- _WORK TASK_:
When a line in the data below includes "BottomSolder", count it; then give only the total.

- _ENTRIES PROVIDED_:

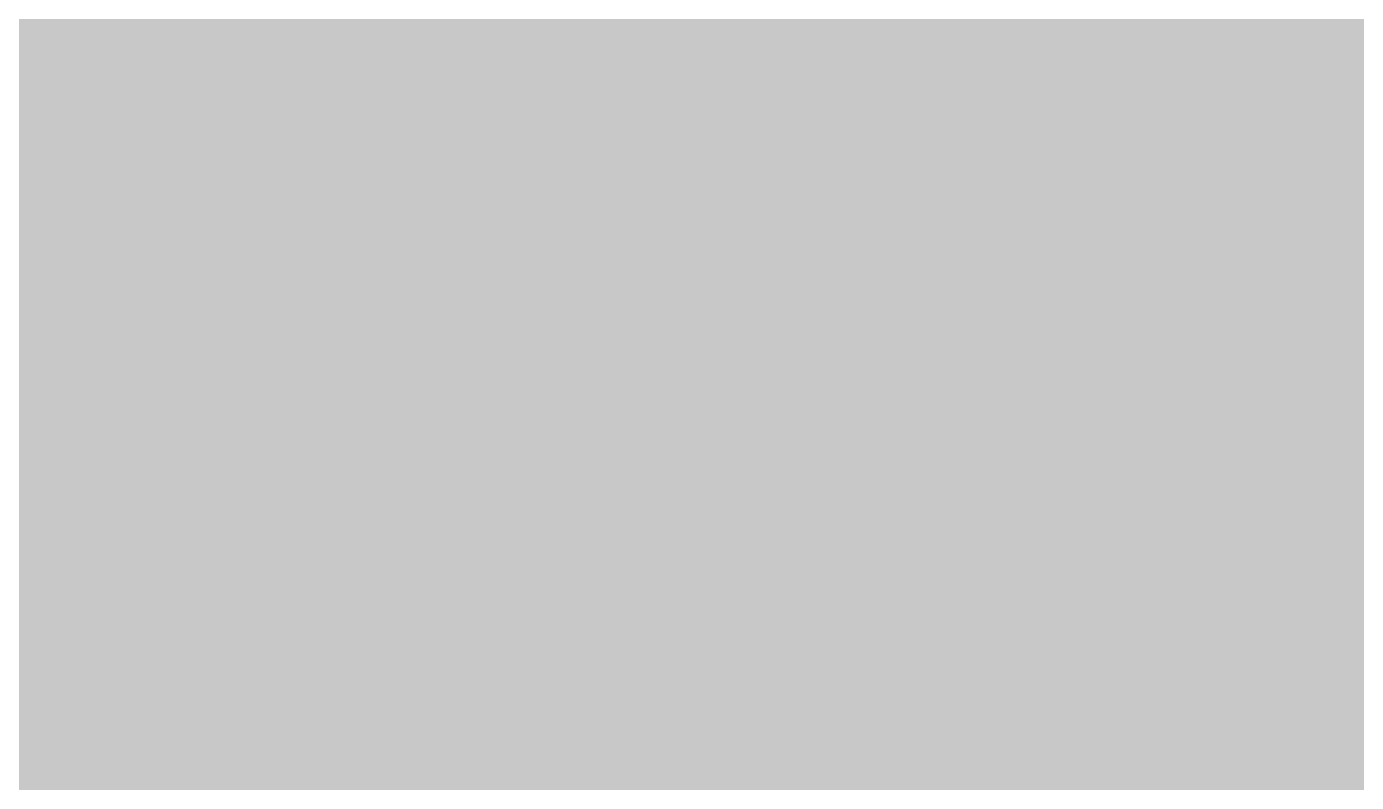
# Model space of a CAD drawing. Header units: millimetres. Extents: x 2043 to 2402, y 736 to 931.
# Drawn here: x 2207.17 to 2212.19, y 800.53 to 803.38 of the extents above; entities that cross this region are included whole.
import ezdxf

# ---------------------------------------------------------------- set-up
doc = ezdxf.new("R2010")
doc.units = ezdxf.units.MM
for name, color, linetype in [('BottomSolder', 6, 'Continuous'), ('TopOverlay', 2, 'Continuous'), ('TopSolder', 216, 'Continuous')]:
    doc.layers.add(name, color=color, linetype=linetype)

# ---------------------------------------------------------------- blocks, each defined once
blk = doc.blocks.new('RJ45_LED_8')
at = {"layer": 'BottomSolder', "const_width": 1.7516}
blk.add_lwpolyline([(4.8392, -1.79, 1), (6.5908, -1.79, 1)], format="xyb", close=True, dxfattribs=at)
at = {"layer": 'TopOverlay', "const_width": 0.15}
blk.add_lwpolyline([(6, -4.395), (6, 3.0992)], dxfattribs=at)
at = {"layer": 'TopSolder', "const_width": 1.7516}
blk.add_lwpolyline([(4.8392, -1.79, 1), (6.5908, -1.79, 1)], format="xyb", close=True, dxfattribs=at)

msp = doc.modelspace()

# ---------------------------------------------------------------- linework, layer by layer
at = {"color": 7, "const_width": 0.1276}
for points in [[(2211.7152, 799.8025), (2211.7152, 807.0025)], [(2211.7152, 799.8025), (2211.7152, 807.0025)], [(2211.4152, 802.3025), (2211.4152, 804.5025)], [(2211.4152, 802.3025), (2211.4152, 804.5025)], [(2211.8152, 802.3025), (2211.4152, 802.3025)], [(2211.8152, 802.3025), (2211.4152, 802.3025)], [(2211.8152, 799.7025), (2211.8152, 802.3025)], [(2211.8152, 799.7025), (2211.8152, 802.3025)]]:
    msp.add_lwpolyline(points, dxfattribs=at)
at = {"color": 7, "const_width": 0.0638}
for points in [[(2211.4152, 802.2706, 1), (2211.4152, 802.3344, 1)], [(2211.4152, 802.2706, 1), (2211.4152, 802.3344, 1)], [(2211.4152, 802.2706, 1), (2211.4152, 802.3344, 1)], [(2211.4152, 802.2706, 1), (2211.4152, 802.3344, 1)], [(2211.8152, 802.2706, 1), (2211.8152, 802.3344, 1)], [(2211.8152, 802.2706, 1), (2211.8152, 802.3344, 1)], [(2211.8152, 802.2706, 1), (2211.8152, 802.3344, 1)], [(2211.8152, 802.2706, 1), (2211.8152, 802.3344, 1)]]:
    msp.add_lwpolyline(points, format="xyb", close=True, dxfattribs=at)
at = {"color": 7}
msp.add_solid([(2257.0831, 795.5835), (2257.0831, 811.8395), (2197.1391, 795.5835), (2197.1391, 811.8395)], dxfattribs=at)

# ---------------------------------------------------------------- block references
msp.add_blockref('RJ45_LED_8', (2205.3941, 804.1941), dxfattribs=at)

doc.saveas('drawing.dxf')

- _RESULT OF THIS TASK_:
2